Items from a data source
• • •

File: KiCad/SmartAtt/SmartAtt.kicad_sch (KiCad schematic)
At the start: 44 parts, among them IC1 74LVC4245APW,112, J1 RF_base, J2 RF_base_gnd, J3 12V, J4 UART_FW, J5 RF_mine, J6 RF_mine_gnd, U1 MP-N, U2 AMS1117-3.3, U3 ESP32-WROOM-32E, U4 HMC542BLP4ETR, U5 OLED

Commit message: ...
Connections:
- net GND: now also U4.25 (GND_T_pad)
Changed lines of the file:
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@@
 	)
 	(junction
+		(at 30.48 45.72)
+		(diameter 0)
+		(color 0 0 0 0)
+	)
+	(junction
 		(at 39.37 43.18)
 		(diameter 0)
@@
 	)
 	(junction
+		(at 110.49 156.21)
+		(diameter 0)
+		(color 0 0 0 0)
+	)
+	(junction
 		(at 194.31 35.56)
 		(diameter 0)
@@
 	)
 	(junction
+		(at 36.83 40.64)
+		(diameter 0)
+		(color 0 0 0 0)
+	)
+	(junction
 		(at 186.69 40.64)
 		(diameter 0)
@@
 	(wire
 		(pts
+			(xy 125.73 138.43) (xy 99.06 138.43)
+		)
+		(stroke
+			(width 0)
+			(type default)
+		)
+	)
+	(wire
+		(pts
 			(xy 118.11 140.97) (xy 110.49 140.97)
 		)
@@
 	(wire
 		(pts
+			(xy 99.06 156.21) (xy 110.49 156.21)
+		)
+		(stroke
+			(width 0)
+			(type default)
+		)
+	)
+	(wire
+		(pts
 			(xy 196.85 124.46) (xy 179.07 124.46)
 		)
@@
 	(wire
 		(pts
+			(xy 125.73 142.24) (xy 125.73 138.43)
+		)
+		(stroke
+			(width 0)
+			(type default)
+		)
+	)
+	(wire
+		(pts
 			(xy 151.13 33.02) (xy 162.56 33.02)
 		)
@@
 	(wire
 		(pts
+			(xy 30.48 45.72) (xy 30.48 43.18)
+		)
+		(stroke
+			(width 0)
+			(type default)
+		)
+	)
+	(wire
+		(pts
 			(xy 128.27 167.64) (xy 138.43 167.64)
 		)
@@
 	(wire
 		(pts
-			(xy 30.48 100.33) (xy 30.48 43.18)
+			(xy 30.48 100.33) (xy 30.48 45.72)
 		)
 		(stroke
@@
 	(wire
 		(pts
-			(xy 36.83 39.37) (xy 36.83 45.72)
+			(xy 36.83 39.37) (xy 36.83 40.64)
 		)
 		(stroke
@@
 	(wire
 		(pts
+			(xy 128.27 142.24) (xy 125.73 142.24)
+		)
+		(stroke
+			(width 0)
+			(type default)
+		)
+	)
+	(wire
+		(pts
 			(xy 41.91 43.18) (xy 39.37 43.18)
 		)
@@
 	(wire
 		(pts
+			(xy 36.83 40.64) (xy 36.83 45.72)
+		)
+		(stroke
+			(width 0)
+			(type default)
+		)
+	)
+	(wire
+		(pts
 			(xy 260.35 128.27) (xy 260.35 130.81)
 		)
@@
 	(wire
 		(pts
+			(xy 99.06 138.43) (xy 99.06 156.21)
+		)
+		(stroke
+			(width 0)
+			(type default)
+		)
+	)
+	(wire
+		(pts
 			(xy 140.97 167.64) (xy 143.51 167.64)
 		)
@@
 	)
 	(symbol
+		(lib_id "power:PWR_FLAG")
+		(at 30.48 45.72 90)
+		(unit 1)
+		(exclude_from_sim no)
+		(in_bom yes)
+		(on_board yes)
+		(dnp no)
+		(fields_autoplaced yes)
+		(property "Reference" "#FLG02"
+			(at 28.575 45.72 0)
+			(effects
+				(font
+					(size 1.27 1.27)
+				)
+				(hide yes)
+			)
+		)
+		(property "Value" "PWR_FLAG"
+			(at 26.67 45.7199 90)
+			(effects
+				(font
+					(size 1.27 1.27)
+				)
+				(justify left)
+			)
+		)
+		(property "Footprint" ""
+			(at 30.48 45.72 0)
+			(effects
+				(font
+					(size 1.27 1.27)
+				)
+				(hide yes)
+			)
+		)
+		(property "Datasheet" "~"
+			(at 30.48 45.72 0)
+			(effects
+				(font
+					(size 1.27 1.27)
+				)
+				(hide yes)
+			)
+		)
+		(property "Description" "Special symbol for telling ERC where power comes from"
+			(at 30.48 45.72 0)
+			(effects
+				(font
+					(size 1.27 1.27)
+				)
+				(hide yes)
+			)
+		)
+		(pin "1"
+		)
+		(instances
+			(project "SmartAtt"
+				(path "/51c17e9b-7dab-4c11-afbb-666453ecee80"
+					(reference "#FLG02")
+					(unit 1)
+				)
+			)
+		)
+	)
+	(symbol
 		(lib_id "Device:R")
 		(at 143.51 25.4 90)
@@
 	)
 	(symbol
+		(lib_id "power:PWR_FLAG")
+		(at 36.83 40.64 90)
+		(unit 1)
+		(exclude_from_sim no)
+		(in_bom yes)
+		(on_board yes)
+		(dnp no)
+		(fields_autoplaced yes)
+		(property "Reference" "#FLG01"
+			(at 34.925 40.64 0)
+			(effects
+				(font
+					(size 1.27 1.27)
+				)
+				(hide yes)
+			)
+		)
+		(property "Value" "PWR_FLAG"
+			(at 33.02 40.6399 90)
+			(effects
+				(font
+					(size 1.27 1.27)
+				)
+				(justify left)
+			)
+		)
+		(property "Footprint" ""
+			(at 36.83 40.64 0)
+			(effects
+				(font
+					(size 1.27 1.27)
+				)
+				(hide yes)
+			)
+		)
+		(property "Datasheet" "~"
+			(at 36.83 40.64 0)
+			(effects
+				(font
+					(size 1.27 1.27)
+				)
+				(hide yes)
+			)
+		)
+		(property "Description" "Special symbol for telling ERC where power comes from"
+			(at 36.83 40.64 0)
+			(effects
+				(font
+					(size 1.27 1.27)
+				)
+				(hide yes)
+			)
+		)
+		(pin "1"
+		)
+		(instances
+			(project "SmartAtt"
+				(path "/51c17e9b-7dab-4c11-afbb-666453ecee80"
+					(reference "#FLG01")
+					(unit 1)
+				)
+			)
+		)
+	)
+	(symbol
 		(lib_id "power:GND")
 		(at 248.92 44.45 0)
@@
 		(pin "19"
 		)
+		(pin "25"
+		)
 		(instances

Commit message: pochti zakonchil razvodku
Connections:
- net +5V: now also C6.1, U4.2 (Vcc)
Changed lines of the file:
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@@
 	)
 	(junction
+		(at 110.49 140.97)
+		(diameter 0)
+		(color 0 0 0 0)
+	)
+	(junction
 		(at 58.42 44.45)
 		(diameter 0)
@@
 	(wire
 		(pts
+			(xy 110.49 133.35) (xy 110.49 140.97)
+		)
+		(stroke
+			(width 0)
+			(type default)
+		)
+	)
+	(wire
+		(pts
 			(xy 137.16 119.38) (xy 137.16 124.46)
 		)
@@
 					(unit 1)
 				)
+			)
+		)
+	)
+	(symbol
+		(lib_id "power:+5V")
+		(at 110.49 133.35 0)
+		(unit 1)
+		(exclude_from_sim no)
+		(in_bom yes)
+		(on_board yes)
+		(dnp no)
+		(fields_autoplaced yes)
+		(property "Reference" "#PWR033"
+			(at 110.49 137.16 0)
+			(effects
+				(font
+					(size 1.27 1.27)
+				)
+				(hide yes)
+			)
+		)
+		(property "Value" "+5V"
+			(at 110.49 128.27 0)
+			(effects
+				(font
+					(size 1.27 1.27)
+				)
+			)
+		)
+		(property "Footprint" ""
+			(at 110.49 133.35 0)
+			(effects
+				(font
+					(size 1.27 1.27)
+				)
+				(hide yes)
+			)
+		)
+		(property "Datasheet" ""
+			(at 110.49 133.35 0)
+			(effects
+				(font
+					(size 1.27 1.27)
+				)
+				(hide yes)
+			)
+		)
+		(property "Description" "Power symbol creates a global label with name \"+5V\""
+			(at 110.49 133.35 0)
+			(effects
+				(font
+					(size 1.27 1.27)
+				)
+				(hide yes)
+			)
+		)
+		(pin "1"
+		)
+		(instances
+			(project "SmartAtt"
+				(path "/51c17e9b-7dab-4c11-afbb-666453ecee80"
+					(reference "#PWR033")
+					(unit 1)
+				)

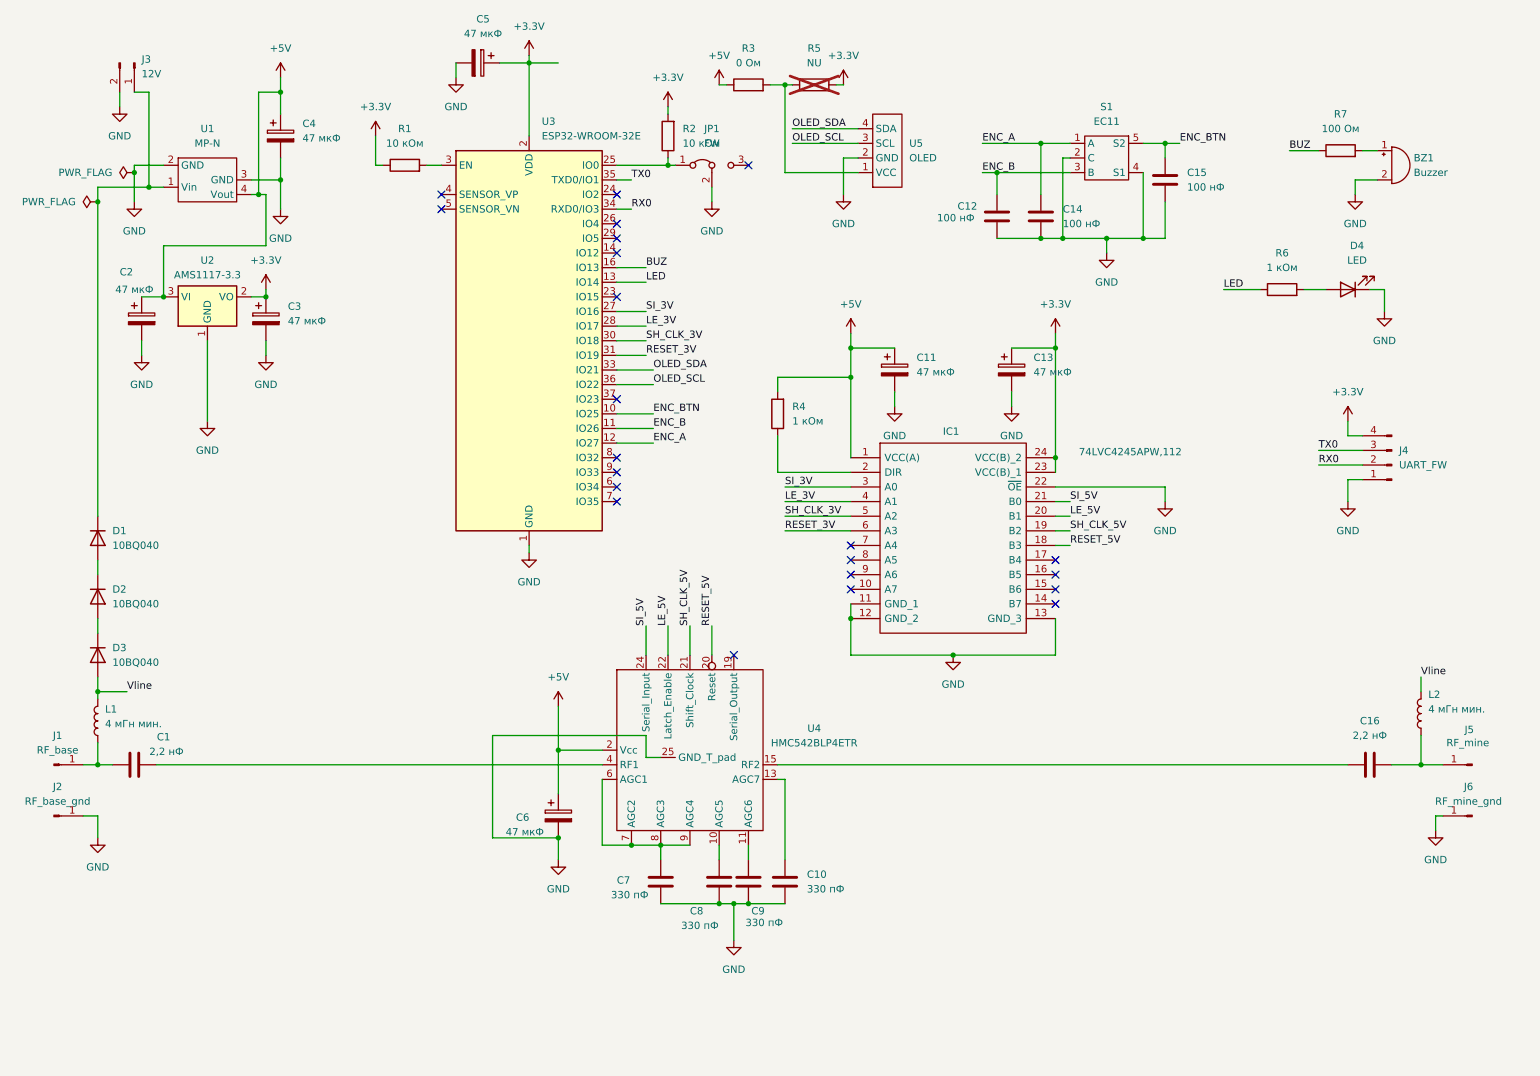
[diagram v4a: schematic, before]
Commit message: fix mpn gnd-5v. fix C 5-10mm
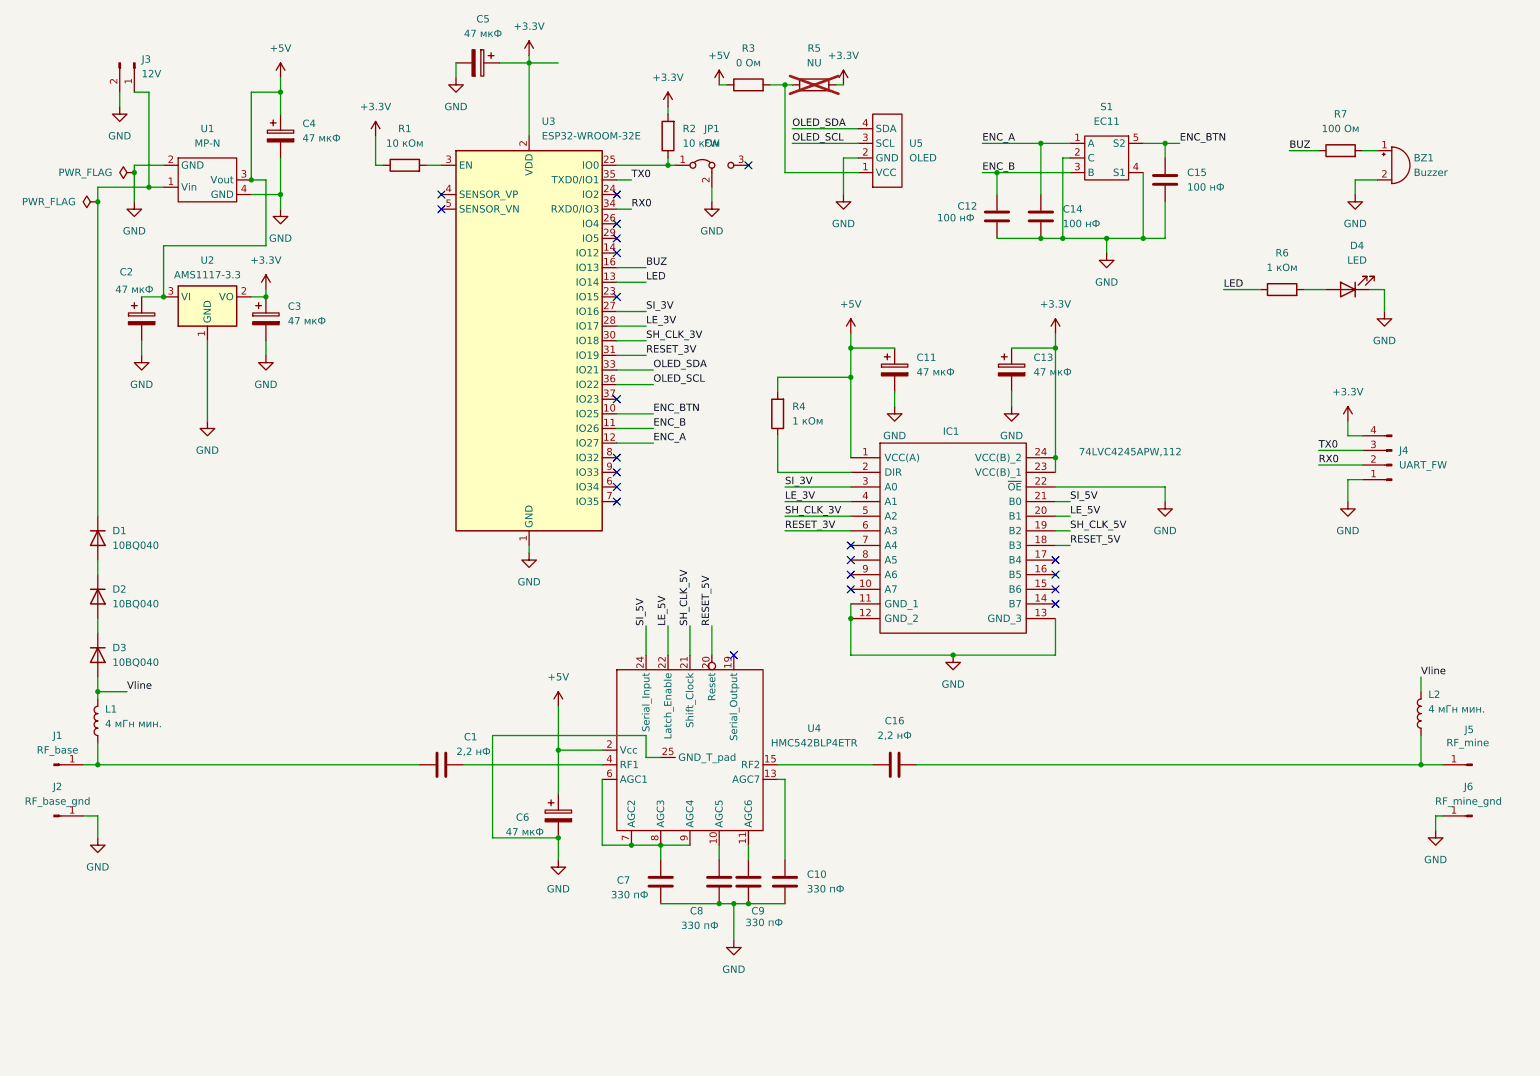
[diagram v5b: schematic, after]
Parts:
- C1, C16: footprint Capacitor_THT:C_Disc_D10.0mm_W2.5mm_P5.00mm -> Capacitor_THT:C_Disc_D7.5mm_W5.0mm_P10.00mm
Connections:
- net +5V: now also U1.3 (Vout); no longer U1.4 (Vout)
- net GND: now also U1.4 (GND); no longer U1.3 (GND)
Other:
- moved on the sheet: C1, C16
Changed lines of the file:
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@@
 	)
 	(junction
+		(at 62.23 44.45)
+		(diameter 0)
+		(color 0 0 0 0)
+	)
+	(junction
 		(at 140.97 167.64)
 		(diameter 0)
@@
 	)
 	(junction
-		(at 58.42 44.45)
-		(diameter 0)
-		(color 0 0 0 0)
-	)
-	(junction
 		(at 149.86 25.4)
 		(diameter 0)
@@
 	)
 	(junction
-		(at 62.23 41.91)
+		(at 196.85 71.12)
 		(diameter 0)
 		(color 0 0 0 0)
 	)
 	(junction
-		(at 196.85 71.12)
+		(at 57.15 41.91)
 		(diameter 0)
 		(color 0 0 0 0)
@@
 	(wire
 		(pts
-			(xy 255.27 143.51) (xy 260.35 143.51)
+			(xy 172.72 143.51) (xy 260.35 143.51)
 		)
 		(stroke
@@
 	(wire
 		(pts
-			(xy 59.69 44.45) (xy 58.42 44.45)
-		)
-		(stroke
-			(width 0)
-			(type default)
-		)
-	)
-	(wire
-		(pts
 			(xy 129.54 38.1) (xy 129.54 39.37)
 		)
@@
 	(wire
 		(pts
-			(xy 62.23 38.1) (xy 62.23 41.91)
+			(xy 62.23 38.1) (xy 62.23 44.45)
 		)
 		(stroke
@@
 	(wire
 		(pts
-			(xy 30.48 143.51) (xy 33.02 143.51)
+			(xy 30.48 143.51) (xy 86.36 143.51)
 		)
 		(stroke
@@
 	(wire
 		(pts
-			(xy 59.69 44.45) (xy 59.69 53.34)
-		)
-		(stroke
-			(width 0)
-			(type default)
-		)
-	)
-	(wire
-		(pts
 			(xy 129.54 29.21) (xy 129.54 30.48)
 		)
@@
 	(wire
 		(pts
+			(xy 59.69 41.91) (xy 57.15 41.91)
+		)
+		(stroke
+			(width 0)
+			(type default)
+		)
+	)
+	(wire
+		(pts
 			(xy 186.69 40.64) (xy 199.39 40.64)
 		)
@@
 	(wire
 		(pts
-			(xy 58.42 26.67) (xy 62.23 26.67)
+			(xy 57.15 41.91) (xy 57.15 26.67)
 		)
 		(stroke
@@
 	(wire
 		(pts
-			(xy 62.23 46.99) (xy 62.23 41.91)
-		)
-		(stroke
-			(width 0)
-			(type default)
-		)
-	)
-	(wire
-		(pts
 			(xy 30.48 128.27) (xy 30.48 130.81)
 		)
@@
 	(wire
 		(pts
+			(xy 57.15 44.45) (xy 62.23 44.45)
+		)
+		(stroke
+			(width 0)
+			(type default)
+		)
+	)
+	(wire
+		(pts
 			(xy 161.29 68.58) (xy 161.29 71.12)
 		)
@@
 	(wire
 		(pts
-			(xy 40.64 143.51) (xy 118.11 143.51)
+			(xy 93.98 143.51) (xy 118.11 143.51)
 		)
 		(stroke
@@
 	(wire
 		(pts
+			(xy 57.15 26.67) (xy 62.23 26.67)
+		)
+		(stroke
+			(width 0)
+			(type default)
+		)
+	)
+	(wire
+		(pts
 			(xy 30.48 118.11) (xy 30.48 120.65)
 		)
@@
 	(wire
 		(pts
+			(xy 62.23 44.45) (xy 62.23 46.99)
+		)
+		(stroke
+			(width 0)
+			(type default)
+		)
+	)
+	(wire
+		(pts
 			(xy 78.74 34.29) (xy 78.74 39.37)
 		)
@@
 	(wire
 		(pts
-			(xy 148.59 143.51) (xy 247.65 143.51)
+			(xy 148.59 143.51) (xy 165.1 143.51)
 		)
 		(stroke
@@
 	(wire
 		(pts
-			(xy 58.42 44.45) (xy 57.15 44.45)
-		)
-		(stroke
-			(width 0)
-			(type default)
-		)
-	)
-	(wire
-		(pts
 			(xy 105.41 20.32) (xy 105.41 21.59)
 		)
@@
 	(wire
 		(pts
-			(xy 58.42 44.45) (xy 58.42 26.67)
-		)
-		(stroke
-			(width 0)
-			(type default)
-		)
-	)
-	(wire
-		(pts
 			(xy 87.63 39.37) (xy 90.17 39.37)
 		)
@@
 	(wire
 		(pts
-			(xy 62.23 41.91) (xy 57.15 41.91)
-		)
-		(stroke
-			(width 0)
-			(type default)
-		)
-	)
-	(wire
-		(pts
 			(xy 38.1 62.23) (xy 41.91 62.23)
 		)
@@
 	(wire
 		(pts
+			(xy 59.69 53.34) (xy 59.69 41.91)
+		)
+		(stroke
+			(width 0)
+			(type default)
+		)
+	)
+	(wire
+		(pts
 			(xy 140.97 167.64) (xy 143.51 167.64)
 		)
@@
 	(symbol
 		(lib_id "Device:C")
-		(at 251.46 143.51 270)
+		(at 168.91 143.51 270)
 		(unit 1)
 		(exclude_from_sim no)
@@
 		(fields_autoplaced yes)
 		(property "Reference" "C16"
-			(at 251.46 135.89 90)
+			(at 168.91 135.89 90)
 			(effects
 				(font
@@
 		)
 		(property "Value" "2,2 нФ"
-			(at 251.46 138.43 90)
+			(at 168.91 138.43 90)
 			(effects
 				(font
@@
 			)
 		)
-		(property "Footprint" "Capacitor_THT:C_Disc_D10.0mm_W2.5mm_P5.00mm"
-			(at 247.65 144.4752 0)
+		(property "Footprint" "Capacitor_THT:C_Disc_D7.5mm_W5.0mm_P10.00mm"
+			(at 165.1 144.4752 0)
 			(effects
 				(font
@@
 		)
 		(property "Datasheet" "~"
-			(at 251.46 143.51 0)
+			(at 168.91 143.51 0)
 			(effects
 				(font
@@
 		)
 		(property "Description" "Unpolarized capacitor"
-			(at 251.46 143.51 0)
+			(at 168.91 143.51 0)
 			(effects
 				(font
@@
 	(symbol
 		(lib_id "Device:C")
-		(at 36.83 143.51 270)
+		(at 90.17 143.51 270)
 		(unit 1)
 		(exclude_from_sim no)
@@
 		(dnp no)
 		(property "Reference" "C1"
-			(at 41.91 138.684 90)
+			(at 95.25 138.684 90)
 			(effects
 				(font
@@
 		)
 		(property "Value" "2,2 нФ"
-			(at 42.418 141.224 90)
+			(at 95.758 141.224 90)
 			(effects
 				(font
@@
 			)
 		)
-		(property "Footprint" "Capacitor_THT:C_Disc_D10.0mm_W2.5mm_P5.00mm"
-			(at 33.02 144.4752 0)
+		(property "Footprint" "Capacitor_THT:C_Disc_D7.5mm_W5.0mm_P10.00mm"
+			(at 86.36 144.4752 0)
 			(effects
 				(font
@@
 		)
 		(property "Datasheet" "~"
-			(at 36.83 143.51 0)
+			(at 90.17 143.51 0)
 			(effects
 				(font
@@
 		)
 		(property "Description" "Unpolarized capacitor"
-			(at 36.83 143.51 0)
+			(at 90.17 143.51 0)
 			(effects
 				(font

• • •

● **Exercise description**:
The expected answer is a copy of each line in the records that holds the word "longer".

● **Solution**:
- net +5V: now also U1.3 (Vout); no longer U1.4 (Vout)
- net GND: now also U1.4 (GND); no longer U1.3 (GND)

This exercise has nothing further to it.